It's not just Agile projects that need to watch out for the Toy Shop. But especially Agile developers should be heavily aware of the dangers of letting your users into the Toy Shop.
What Toy Shop? The Toy Shop of all the beautiful things that you could do for your users. We all know that given time, you can make whatever is needed. You're a skilled software developer, and your team can produce anything. You are flexible and good at your work. So, you invite some users and show them what technology can do for them these days. They get all excited and start dreaming about all these exciting new functionalities and how brilliantly they could use that in their work.
After some time, your limbic system begins to activate the defensive systems of your body. In defensive mode, you try to point out to the users that of course you cannot implement everything: it would cost years of work for the whole team, and you need to do lots of other work too. Sure, the users understand. But their limbic system is also activated by now, albeit in another mode. At the end of the meeting, everybody goes their way. The developers already have a feeling of helplessness ('so much work, so little time'). The users, well, it depends. If you're lucky they have experience with this sort of meetings and have developed a skeptic attitude ('we never get what we want anyway'). Even worse is if the users go away in an enthusiastic state ('wow, that looks good!').

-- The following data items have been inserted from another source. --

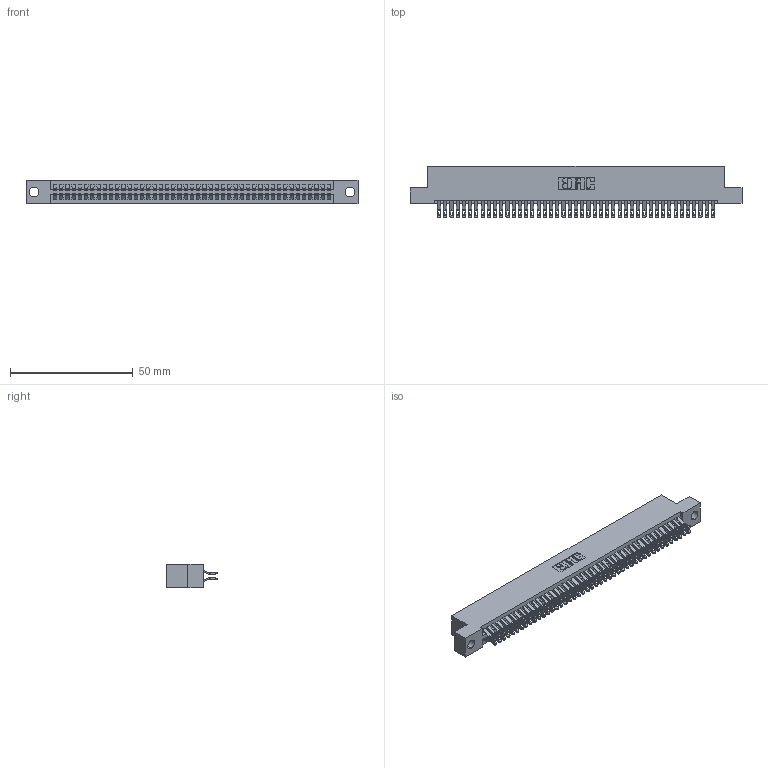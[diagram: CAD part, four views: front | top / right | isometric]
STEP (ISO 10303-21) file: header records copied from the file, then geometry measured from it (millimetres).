
FILE_DESCRIPTION (( 'STEP AP203' ), '1' );
FILE_NAME ('395-090-555-204.STEP', '2021-06-17T10:16:53', ( '' ), ( '' ), 'SwSTEP 2.0', 'SolidWorks 2020', '' );
FILE_SCHEMA (( 'CONFIG_CONTROL_DESIGN' ));
Length unit declared in the file: inch
Products named in the file (3): 395-090-555-204; 345-292-001_555 Tail; 345 Part_Flush Mounting Lugs - 0.156 Dia-TI
Assembly tree (91 placements, depth 2):
  395-090-555-204
    345 Part_Flush Mounting Lugs - 0.156 Dia-TI
    345-292-001_555 Tail  x90
Bounding box: 135.51 x 21.13 x 9.4 mm (x, y, z)
Volume: 13346.4 mm3; surface area: 20545.9 mm2
Topology: 91 solids, 91 shells, 5180 faces, 16307 edges, 10870 vertices
Faces by surface type: plane 2884, cylinder 2296
Entity records: 35649 total; most frequent: CARTESIAN_POINT 6012, ORIENTED_EDGE 5914, DIRECTION 5265, EDGE_CURVE 2957, LINE 2625, VECTOR 2625, VERTEX_POINT 1970, AXIS2_PLACEMENT_3D 1320
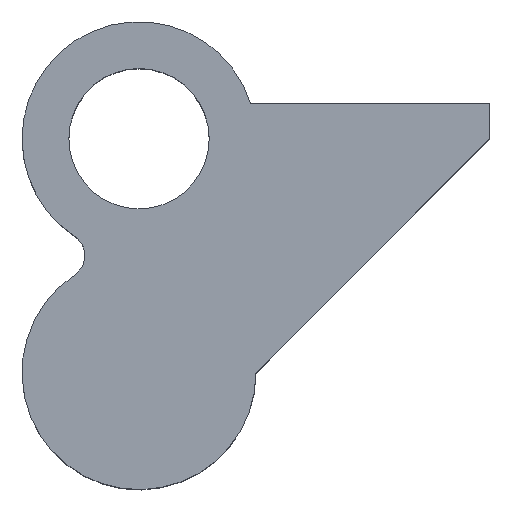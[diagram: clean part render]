
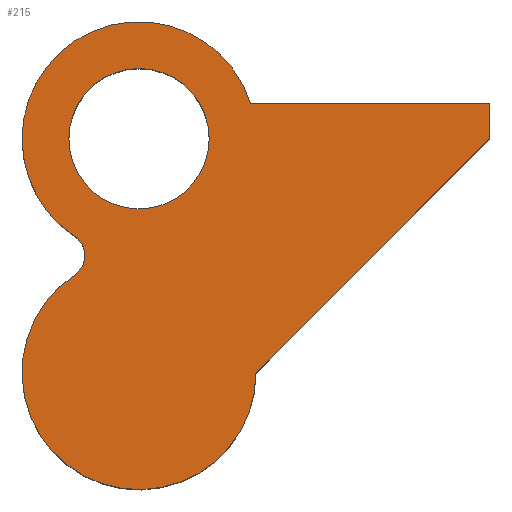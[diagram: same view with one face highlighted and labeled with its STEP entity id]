
A CAD part, top view. The second image highlights one B-rep face of the part: STEP entity #215.
In plain terms, the highlighted planar face has unit normal (0, 0, 1).
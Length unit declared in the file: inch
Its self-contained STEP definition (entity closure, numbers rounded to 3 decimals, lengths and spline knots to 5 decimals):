
#4 = DIRECTION ( 'NONE',  ( 0., 0., 1. ) ) ;
#6 = CARTESIAN_POINT ( 'NONE',  ( -3.03213, 0., 0.3937 ) ) ;
#18 = ORIENTED_EDGE ( 'NONE', *, *, #368, .F. ) ;
#20 = LINE ( 'NONE', #120, #158 ) ;
#29 = CIRCLE ( 'NONE', #295, 0.03937 ) ;
#33 = ORIENTED_EDGE ( 'NONE', *, *, #365, .T. ) ;
#34 = DIRECTION ( 'NONE',  ( 0., 0., 1. ) ) ;
#48 = CARTESIAN_POINT ( 'NONE',  ( -3.7315, -1.47966, 0.3937 ) ) ;
#51 = VERTEX_POINT ( 'NONE', #152 ) ;
#54 = EDGE_LOOP ( 'NONE', ( #333, #177, #33, #147, #18, #281, #292 ) ) ;
#58 = CARTESIAN_POINT ( 'NONE',  ( -3.62268, -1.25, 0.3937 ) ) ;
#64 = ORIENTED_EDGE ( 'NONE', *, *, #350, .F. ) ;
#84 = DIRECTION ( 'NONE',  ( 1., 0., 0. ) ) ;
#89 = DIRECTION ( 'NONE',  ( 1., 0., 0. ) ) ;
#96 = VECTOR ( 'NONE', #117, 39.37008 ) ;
#98 = DIRECTION ( 'NONE',  ( 0., 0., 1. ) ) ;
#104 = CIRCLE ( 'NONE', #296, 0.19685 ) ;
#105 = VERTEX_POINT ( 'NONE', #249 ) ;
#109 = FACE_OUTER_BOUND ( 'NONE', #54, .T. ) ;
#113 = LINE ( 'NONE', #6, #305 ) ;
#117 = DIRECTION ( 'NONE',  ( -0.707, -0.707, 0. ) ) ;
#120 = CARTESIAN_POINT ( 'NONE',  ( -3.03213, -1.19094, 0.3937 ) ) ;
#126 = CIRCLE ( 'NONE', #315, 0.11811 ) ;
#127 = VERTEX_POINT ( 'NONE', #228 ) ;
#142 = DIRECTION ( 'NONE',  ( 0., 0., -1. ) ) ;
#144 = DIRECTION ( 'NONE',  ( 1., 0., 0. ) ) ;
#147 = ORIENTED_EDGE ( 'NONE', *, *, #367, .T. ) ;
#151 = VERTEX_POINT ( 'NONE', #334 ) ;
#152 = CARTESIAN_POINT ( 'NONE',  ( -3.81953, -1.25, 0.3937 ) ) ;
#157 = CARTESIAN_POINT ( 'NONE',  ( -3.42583, -1.6437, 0.3937 ) ) ;
#158 = VECTOR ( 'NONE', #144, 39.37008 ) ;
#165 = DIRECTION ( 'NONE',  ( 0., 0., 1. ) ) ;
#171 = CARTESIAN_POINT ( 'NONE',  ( -3.62268, -1.25, 0.3937 ) ) ;
#177 = ORIENTED_EDGE ( 'NONE', *, *, #348, .T. ) ;
#184 = DIRECTION ( 'NONE',  ( 1., 0., 0. ) ) ;
#192 = DIRECTION ( 'NONE',  ( 1., 0., 0. ) ) ;
#195 = CARTESIAN_POINT ( 'NONE',  ( -3.62268, -1.6437, 0.3937 ) ) ;
#207 = VERTEX_POINT ( 'NONE', #48 ) ;
#212 = CARTESIAN_POINT ( 'NONE',  ( -3.62268, -1.25, 0.3937 ) ) ;
#215 = ADVANCED_FACE ( 'NONE', ( #233, #109 ), #294, .T. ) ;
#217 = DIRECTION ( 'NONE',  ( 1., 0., 0. ) ) ;
#221 = VERTEX_POINT ( 'NONE', #157 ) ;
#228 = CARTESIAN_POINT ( 'NONE',  ( -3.74079, -1.25, 0.3937 ) ) ;
#230 = LINE ( 'NONE', #269, #96 ) ;
#233 = FACE_BOUND ( 'NONE', #377, .T. ) ;
#234 = AXIS2_PLACEMENT_3D ( 'NONE', #336, #378, #184 ) ;
#237 = CIRCLE ( 'NONE', #300, 0.11811 ) ;
#241 = DIRECTION ( 'NONE',  ( 0., 0., 1. ) ) ;
#242 = DIRECTION ( 'NONE',  ( 0., 1., 0. ) ) ;
#245 = VERTEX_POINT ( 'NONE', #337 ) ;
#249 = CARTESIAN_POINT ( 'NONE',  ( -3.03213, -1.19094, 0.3937 ) ) ;
#253 = VERTEX_POINT ( 'NONE', #381 ) ;
#265 = CIRCLE ( 'NONE', #323, 0.19685 ) ;
#269 = CARTESIAN_POINT ( 'NONE',  ( -0.89107, 0.89107, 0.3937 ) ) ;
#276 = ORIENTED_EDGE ( 'NONE', *, *, #359, .F. ) ;
#277 = CARTESIAN_POINT ( 'NONE',  ( -3.50457, -1.25, 0.3937 ) ) ;
#281 = ORIENTED_EDGE ( 'NONE', *, *, #369, .T. ) ;
#291 = AXIS2_PLACEMENT_3D ( 'NONE', #195, #34, #217 ) ;
#292 = ORIENTED_EDGE ( 'NONE', *, *, #370, .F. ) ;
#294 = PLANE ( 'NONE',  #234 ) ;
#295 = AXIS2_PLACEMENT_3D ( 'NONE', #310, #142, #352 ) ;
#296 = AXIS2_PLACEMENT_3D ( 'NONE', #58, #241, #89 ) ;
#300 = AXIS2_PLACEMENT_3D ( 'NONE', #171, #4, #192 ) ;
#305 = VECTOR ( 'NONE', #242, 39.37008 ) ;
#310 = CARTESIAN_POINT ( 'NONE',  ( -3.75326, -1.44685, 0.3937 ) ) ;
#315 = AXIS2_PLACEMENT_3D ( 'NONE', #212, #98, #84 ) ;
#321 = CIRCLE ( 'NONE', #291, 0.19685 ) ;
#323 = AXIS2_PLACEMENT_3D ( 'NONE', #343, #165, #385 ) ;
#333 = ORIENTED_EDGE ( 'NONE', *, *, #362, .T. ) ;
#334 = CARTESIAN_POINT ( 'NONE',  ( -3.4349, -1.19094, 0.3937 ) ) ;
#336 = CARTESIAN_POINT ( 'NONE',  ( 0., 0., 0.3937 ) ) ;
#337 = CARTESIAN_POINT ( 'NONE',  ( -3.7315, -1.41404, 0.3937 ) ) ;
#343 = CARTESIAN_POINT ( 'NONE',  ( -3.62268, -1.25, 0.3937 ) ) ;
#348 = EDGE_CURVE ( 'NONE', #51, #245, #265, .T. ) ;
#350 = EDGE_CURVE ( 'NONE', #127, #391, #126, .T. ) ;
#352 = DIRECTION ( 'NONE',  ( 1., 0., 0. ) ) ;
#359 = EDGE_CURVE ( 'NONE', #391, #127, #237, .T. ) ;
#362 = EDGE_CURVE ( 'NONE', #151, #51, #104, .T. ) ;
#365 = EDGE_CURVE ( 'NONE', #245, #207, #29, .T. ) ;
#367 = EDGE_CURVE ( 'NONE', #207, #221, #321, .T. ) ;
#368 = EDGE_CURVE ( 'NONE', #253, #221, #230, .T. ) ;
#369 = EDGE_CURVE ( 'NONE', #253, #105, #113, .T. ) ;
#370 = EDGE_CURVE ( 'NONE', #151, #105, #20, .T. ) ;
#377 = EDGE_LOOP ( 'NONE', ( #64, #276 ) ) ;
#378 = DIRECTION ( 'NONE',  ( 0., 0., 1. ) ) ;
#381 = CARTESIAN_POINT ( 'NONE',  ( -3.03213, -1.25, 0.3937 ) ) ;
#385 = DIRECTION ( 'NONE',  ( 1., 0., 0. ) ) ;
#391 = VERTEX_POINT ( 'NONE', #277 ) ;

The next months you experience the true kick back of this meeting. Whenever you deliver something, the users are visibly disappointed with such a basic, un-slick product. You worked your butt off, and all they can think of is that they would want much better stuff. This demotivates both your team, and the users. Being professionals, your team finishes the project with things that are OK, and better than anyone would have thought at the start of the project. But by then, your good developers are leaving ('bloody spoiled users here') and users are grumbling ('as always, we get the inferior stuff'). Management says the project hasn't failed but there will be no extension.
There is BTW an alternative route: this is when y'all are not so good developers after all. In such environments you see nice screen shots appear in project meetings. Many of the toys seem to be made! Unluckily, when it comes to delivering the actual software, for some reason the 95% ready state remains 95% ready - indefinitely.
Agile needs lots of communication with users. Guided communication. No toy shops. Limit brainstorming to what you need to know. As soon as your users start moving in the direction of the toy shop (or worse, come to you with their shopping lists), stop them in any way you can. It's hard to find anything more demotivating for both developers and users than the effects of the Toy Shop.